◆ WHAT YOU WILL DO
Only one stretch of the data below should be repeated: the lines from the line containing "#22=AXIS2_PLACEMENT_3D('',#19,#20,#21);" through the line containing "#50=VERTEX_POINT('',#49);", inclusive, exactly as they are.

◆ MATERIAL TO PROCESS
◇ ◇ ◇ ◇
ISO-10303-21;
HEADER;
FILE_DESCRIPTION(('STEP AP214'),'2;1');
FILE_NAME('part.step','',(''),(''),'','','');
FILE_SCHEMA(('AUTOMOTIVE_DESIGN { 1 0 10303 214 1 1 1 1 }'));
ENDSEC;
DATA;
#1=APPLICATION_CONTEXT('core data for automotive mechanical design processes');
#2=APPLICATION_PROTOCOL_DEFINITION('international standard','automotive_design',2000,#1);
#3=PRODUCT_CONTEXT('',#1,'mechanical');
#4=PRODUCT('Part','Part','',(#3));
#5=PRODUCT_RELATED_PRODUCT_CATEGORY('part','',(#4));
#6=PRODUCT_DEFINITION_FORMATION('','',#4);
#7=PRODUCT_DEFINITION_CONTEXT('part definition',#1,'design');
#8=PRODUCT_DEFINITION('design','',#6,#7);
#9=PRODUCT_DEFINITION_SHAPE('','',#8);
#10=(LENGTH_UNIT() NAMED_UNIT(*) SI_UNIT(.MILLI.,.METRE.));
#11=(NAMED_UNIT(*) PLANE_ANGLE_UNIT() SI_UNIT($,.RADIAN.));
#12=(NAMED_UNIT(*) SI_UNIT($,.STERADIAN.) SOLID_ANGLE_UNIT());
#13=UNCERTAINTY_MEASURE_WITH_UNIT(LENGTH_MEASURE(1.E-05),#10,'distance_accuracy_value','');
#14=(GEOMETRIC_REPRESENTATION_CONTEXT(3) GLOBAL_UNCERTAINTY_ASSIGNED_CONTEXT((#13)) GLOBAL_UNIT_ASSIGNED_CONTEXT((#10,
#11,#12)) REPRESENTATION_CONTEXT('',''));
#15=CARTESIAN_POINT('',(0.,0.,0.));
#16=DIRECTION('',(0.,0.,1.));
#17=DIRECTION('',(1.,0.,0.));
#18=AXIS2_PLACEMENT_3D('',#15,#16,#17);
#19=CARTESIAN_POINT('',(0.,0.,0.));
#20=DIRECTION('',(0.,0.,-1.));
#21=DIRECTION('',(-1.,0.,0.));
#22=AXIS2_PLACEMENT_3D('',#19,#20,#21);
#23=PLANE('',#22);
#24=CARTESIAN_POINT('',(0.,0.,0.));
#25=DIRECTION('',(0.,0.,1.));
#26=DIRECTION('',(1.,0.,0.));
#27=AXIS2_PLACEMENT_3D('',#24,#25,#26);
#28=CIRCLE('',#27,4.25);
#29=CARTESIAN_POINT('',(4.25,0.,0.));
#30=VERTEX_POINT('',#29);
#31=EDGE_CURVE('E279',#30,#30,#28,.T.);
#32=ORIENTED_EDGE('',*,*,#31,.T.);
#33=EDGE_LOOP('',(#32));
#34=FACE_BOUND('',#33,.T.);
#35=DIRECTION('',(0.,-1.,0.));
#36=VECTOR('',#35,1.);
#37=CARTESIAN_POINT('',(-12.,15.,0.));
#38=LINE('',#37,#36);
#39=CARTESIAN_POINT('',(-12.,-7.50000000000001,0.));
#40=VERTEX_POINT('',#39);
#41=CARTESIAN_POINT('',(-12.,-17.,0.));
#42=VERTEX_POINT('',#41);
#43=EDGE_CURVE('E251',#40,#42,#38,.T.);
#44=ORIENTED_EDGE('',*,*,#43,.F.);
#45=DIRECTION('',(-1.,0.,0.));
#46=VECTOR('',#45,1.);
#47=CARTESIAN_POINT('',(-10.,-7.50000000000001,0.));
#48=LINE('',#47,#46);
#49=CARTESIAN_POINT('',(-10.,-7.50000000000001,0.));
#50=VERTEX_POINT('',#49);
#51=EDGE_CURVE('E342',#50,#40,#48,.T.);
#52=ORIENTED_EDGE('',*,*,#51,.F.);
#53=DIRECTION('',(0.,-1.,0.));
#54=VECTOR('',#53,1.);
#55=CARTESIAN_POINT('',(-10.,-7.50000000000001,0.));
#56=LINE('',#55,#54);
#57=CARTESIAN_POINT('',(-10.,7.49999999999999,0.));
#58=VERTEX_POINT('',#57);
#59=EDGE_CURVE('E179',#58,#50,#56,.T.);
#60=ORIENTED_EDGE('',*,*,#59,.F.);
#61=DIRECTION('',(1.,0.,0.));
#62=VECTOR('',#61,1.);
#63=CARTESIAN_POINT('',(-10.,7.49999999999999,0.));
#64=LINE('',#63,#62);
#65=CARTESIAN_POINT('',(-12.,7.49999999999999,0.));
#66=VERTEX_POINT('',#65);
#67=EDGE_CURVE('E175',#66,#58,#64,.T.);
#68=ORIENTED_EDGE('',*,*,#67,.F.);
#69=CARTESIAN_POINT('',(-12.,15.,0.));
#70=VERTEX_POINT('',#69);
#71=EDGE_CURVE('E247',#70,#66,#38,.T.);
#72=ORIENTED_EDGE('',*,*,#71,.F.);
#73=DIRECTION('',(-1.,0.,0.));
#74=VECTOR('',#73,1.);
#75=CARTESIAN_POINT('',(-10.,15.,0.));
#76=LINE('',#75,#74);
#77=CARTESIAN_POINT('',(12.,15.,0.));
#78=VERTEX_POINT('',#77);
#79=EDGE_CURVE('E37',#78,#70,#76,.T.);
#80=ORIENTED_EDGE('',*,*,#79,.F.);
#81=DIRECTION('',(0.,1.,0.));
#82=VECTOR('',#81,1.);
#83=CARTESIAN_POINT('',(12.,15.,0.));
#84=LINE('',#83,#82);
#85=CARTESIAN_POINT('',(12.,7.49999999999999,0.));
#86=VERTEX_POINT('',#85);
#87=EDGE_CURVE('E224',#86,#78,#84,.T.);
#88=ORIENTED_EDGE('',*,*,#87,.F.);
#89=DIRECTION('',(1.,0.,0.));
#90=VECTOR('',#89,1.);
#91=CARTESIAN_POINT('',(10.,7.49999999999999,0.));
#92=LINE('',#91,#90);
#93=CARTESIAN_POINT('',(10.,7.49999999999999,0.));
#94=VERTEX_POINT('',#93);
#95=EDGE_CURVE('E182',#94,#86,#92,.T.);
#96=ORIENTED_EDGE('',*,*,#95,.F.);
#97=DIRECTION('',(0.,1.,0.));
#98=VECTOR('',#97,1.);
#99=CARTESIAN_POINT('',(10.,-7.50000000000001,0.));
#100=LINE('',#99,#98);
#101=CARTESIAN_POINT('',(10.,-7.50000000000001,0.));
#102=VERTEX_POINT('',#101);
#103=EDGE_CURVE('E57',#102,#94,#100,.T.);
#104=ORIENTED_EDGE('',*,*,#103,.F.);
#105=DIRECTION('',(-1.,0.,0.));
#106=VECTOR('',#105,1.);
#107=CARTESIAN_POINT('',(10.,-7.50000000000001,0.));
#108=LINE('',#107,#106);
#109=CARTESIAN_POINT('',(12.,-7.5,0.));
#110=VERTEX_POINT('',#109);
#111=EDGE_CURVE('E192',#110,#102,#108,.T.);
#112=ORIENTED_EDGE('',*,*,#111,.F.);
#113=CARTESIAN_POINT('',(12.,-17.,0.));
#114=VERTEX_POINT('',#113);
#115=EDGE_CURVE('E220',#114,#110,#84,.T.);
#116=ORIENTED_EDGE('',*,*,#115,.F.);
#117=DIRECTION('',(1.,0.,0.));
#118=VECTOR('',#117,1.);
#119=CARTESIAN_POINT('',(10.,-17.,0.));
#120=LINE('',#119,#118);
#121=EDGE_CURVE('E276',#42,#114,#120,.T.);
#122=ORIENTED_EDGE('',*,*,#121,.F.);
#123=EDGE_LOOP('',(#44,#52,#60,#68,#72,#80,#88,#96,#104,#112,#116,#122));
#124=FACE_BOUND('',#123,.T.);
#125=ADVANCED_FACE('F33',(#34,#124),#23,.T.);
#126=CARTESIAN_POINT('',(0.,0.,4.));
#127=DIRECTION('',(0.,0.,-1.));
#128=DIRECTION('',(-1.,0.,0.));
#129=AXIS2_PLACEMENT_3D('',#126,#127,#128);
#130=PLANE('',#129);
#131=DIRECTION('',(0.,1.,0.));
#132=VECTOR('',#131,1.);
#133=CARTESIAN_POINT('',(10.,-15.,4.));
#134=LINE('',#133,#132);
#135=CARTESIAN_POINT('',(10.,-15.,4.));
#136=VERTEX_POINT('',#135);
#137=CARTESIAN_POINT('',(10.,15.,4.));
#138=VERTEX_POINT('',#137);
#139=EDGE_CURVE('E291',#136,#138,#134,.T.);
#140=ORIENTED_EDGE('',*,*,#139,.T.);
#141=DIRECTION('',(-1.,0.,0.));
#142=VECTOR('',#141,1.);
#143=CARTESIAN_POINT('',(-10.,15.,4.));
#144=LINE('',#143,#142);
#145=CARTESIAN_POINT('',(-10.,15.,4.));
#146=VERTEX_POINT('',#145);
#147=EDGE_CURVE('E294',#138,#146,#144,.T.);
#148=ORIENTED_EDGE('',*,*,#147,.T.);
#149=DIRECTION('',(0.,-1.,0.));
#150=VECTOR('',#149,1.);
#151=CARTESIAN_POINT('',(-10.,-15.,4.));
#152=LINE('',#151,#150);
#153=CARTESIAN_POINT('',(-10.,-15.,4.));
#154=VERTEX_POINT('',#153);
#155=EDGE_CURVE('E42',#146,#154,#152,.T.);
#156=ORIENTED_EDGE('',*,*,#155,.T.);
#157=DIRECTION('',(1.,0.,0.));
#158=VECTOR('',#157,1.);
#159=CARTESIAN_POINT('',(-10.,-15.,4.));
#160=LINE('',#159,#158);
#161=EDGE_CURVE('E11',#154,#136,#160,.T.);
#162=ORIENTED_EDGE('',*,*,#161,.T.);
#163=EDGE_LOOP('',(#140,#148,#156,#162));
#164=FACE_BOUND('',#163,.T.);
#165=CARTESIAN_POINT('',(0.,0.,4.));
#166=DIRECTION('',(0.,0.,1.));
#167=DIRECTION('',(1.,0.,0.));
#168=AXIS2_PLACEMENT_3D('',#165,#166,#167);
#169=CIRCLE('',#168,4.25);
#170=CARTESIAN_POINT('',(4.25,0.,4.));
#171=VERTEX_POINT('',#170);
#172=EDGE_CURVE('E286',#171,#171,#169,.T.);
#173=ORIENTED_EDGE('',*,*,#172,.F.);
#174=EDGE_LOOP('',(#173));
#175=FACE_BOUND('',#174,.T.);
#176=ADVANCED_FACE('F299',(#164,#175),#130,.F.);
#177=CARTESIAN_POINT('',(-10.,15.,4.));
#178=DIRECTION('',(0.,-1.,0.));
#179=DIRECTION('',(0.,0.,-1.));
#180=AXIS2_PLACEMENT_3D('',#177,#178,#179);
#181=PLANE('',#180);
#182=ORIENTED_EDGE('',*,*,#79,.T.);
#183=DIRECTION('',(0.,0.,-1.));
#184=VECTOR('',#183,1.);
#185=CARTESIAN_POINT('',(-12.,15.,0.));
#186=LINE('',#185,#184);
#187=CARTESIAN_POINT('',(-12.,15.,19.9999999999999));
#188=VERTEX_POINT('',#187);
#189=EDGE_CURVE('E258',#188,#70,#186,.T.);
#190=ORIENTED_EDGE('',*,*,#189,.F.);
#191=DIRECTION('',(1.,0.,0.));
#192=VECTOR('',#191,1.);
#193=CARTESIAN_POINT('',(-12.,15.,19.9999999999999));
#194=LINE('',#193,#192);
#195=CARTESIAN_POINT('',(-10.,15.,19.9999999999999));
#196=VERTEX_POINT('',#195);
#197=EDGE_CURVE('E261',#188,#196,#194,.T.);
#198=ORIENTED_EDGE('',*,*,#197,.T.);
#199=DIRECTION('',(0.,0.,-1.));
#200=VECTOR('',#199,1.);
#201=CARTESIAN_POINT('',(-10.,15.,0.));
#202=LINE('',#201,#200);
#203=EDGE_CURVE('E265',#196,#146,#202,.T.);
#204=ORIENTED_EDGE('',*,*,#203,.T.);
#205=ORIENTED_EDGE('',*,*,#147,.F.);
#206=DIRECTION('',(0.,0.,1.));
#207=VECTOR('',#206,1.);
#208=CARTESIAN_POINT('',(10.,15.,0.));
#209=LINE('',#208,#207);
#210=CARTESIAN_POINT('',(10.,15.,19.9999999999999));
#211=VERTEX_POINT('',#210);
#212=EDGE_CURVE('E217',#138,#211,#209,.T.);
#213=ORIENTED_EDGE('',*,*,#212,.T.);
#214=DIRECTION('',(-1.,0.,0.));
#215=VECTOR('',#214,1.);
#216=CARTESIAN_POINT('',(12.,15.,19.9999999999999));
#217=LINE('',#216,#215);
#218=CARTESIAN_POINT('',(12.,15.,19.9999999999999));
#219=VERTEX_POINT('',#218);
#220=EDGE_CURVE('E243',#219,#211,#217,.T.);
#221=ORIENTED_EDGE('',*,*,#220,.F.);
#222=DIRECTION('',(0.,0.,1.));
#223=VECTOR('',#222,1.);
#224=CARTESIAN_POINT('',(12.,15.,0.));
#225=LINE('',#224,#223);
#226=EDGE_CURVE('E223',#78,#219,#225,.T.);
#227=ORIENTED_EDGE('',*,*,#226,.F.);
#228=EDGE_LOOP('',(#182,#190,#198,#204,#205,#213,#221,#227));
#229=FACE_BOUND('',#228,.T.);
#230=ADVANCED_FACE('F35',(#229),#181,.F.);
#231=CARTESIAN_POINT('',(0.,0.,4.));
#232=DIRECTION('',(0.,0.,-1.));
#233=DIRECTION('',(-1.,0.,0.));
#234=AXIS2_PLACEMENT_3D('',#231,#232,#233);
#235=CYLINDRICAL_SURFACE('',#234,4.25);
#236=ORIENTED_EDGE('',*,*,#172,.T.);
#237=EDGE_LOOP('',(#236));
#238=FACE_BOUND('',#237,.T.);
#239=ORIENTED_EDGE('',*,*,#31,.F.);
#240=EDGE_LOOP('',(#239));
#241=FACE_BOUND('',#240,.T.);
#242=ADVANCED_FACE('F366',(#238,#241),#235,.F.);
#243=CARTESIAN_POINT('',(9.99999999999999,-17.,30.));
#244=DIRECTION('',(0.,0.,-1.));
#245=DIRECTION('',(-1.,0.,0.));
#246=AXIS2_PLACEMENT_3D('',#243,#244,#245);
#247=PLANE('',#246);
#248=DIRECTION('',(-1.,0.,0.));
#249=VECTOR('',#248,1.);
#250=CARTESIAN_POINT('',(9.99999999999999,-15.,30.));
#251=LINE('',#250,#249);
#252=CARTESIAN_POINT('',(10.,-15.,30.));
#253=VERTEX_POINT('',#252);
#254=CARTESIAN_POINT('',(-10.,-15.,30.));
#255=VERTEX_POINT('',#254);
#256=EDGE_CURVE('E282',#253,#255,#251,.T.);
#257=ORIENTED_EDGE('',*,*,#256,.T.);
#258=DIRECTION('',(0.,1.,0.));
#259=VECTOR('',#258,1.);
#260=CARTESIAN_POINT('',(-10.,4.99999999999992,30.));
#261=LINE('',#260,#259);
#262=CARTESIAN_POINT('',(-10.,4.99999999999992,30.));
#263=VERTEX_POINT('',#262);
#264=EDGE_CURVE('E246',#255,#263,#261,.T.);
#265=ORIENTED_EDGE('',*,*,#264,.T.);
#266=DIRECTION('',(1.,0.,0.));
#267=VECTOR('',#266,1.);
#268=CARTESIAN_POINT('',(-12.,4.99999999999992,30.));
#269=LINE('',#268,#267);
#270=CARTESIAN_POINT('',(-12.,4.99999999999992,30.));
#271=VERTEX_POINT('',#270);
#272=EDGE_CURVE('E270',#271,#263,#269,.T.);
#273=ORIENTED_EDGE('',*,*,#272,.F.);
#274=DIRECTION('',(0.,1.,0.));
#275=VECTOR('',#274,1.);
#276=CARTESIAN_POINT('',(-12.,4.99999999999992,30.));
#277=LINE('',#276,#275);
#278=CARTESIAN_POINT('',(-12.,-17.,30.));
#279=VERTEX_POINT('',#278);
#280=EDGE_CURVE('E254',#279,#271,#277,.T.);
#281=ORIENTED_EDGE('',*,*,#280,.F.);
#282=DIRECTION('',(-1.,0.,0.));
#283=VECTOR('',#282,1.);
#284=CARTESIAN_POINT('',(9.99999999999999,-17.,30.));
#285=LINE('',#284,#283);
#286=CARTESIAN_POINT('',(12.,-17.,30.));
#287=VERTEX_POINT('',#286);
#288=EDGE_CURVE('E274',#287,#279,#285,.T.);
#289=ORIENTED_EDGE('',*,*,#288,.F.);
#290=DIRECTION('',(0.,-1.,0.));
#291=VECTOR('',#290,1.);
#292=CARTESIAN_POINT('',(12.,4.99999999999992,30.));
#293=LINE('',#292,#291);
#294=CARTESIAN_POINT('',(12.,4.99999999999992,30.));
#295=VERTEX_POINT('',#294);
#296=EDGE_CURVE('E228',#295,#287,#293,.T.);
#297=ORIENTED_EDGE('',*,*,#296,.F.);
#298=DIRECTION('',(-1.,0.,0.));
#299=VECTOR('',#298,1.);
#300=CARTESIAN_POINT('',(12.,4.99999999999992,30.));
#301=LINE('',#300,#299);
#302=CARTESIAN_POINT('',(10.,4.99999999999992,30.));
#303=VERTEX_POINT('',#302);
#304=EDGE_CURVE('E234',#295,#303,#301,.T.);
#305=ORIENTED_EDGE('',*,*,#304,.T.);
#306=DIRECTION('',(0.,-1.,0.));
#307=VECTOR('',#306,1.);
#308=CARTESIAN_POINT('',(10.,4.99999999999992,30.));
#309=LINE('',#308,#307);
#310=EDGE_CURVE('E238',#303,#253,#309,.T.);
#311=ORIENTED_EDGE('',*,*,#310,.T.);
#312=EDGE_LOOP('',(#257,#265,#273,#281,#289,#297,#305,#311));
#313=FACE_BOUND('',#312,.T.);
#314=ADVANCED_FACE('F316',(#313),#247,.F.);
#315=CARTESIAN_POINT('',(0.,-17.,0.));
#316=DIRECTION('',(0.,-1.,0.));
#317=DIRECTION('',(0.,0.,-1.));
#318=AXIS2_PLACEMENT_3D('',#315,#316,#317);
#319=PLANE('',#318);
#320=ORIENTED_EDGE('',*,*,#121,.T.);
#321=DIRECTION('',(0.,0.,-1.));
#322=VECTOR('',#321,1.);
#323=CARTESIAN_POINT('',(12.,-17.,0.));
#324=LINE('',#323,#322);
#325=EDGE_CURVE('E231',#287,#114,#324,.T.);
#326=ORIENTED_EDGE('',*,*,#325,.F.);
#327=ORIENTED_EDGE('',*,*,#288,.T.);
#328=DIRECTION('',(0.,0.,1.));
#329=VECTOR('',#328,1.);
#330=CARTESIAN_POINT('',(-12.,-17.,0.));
◇ ◇ ◇ ◇
◆ OUTPUT FOR THIS EXERCISE
#22=AXIS2_PLACEMENT_3D('',#19,#20,#21);
#23=PLANE('',#22);
#24=CARTESIAN_POINT('',(0.,0.,0.));
#25=DIRECTION('',(0.,0.,1.));
#26=DIRECTION('',(1.,0.,0.));
#27=AXIS2_PLACEMENT_3D('',#24,#25,#26);
#28=CIRCLE('',#27,4.25);
#29=CARTESIAN_POINT('',(4.25,0.,0.));
#30=VERTEX_POINT('',#29);
#31=EDGE_CURVE('E279',#30,#30,#28,.T.);
#32=ORIENTED_EDGE('',*,*,#31,.T.);
#33=EDGE_LOOP('',(#32));
#34=FACE_BOUND('',#33,.T.);
#35=DIRECTION('',(0.,-1.,0.));
#36=VECTOR('',#35,1.);
#37=CARTESIAN_POINT('',(-12.,15.,0.));
#38=LINE('',#37,#36);
#39=CARTESIAN_POINT('',(-12.,-7.50000000000001,0.));
#40=VERTEX_POINT('',#39);
#41=CARTESIAN_POINT('',(-12.,-17.,0.));
#42=VERTEX_POINT('',#41);
#43=EDGE_CURVE('E251',#40,#42,#38,.T.);
#44=ORIENTED_EDGE('',*,*,#43,.F.);
#45=DIRECTION('',(-1.,0.,0.));
#46=VECTOR('',#45,1.);
#47=CARTESIAN_POINT('',(-10.,-7.50000000000001,0.));
#48=LINE('',#47,#46);
#49=CARTESIAN_POINT('',(-10.,-7.50000000000001,0.));
#50=VERTEX_POINT('',#49);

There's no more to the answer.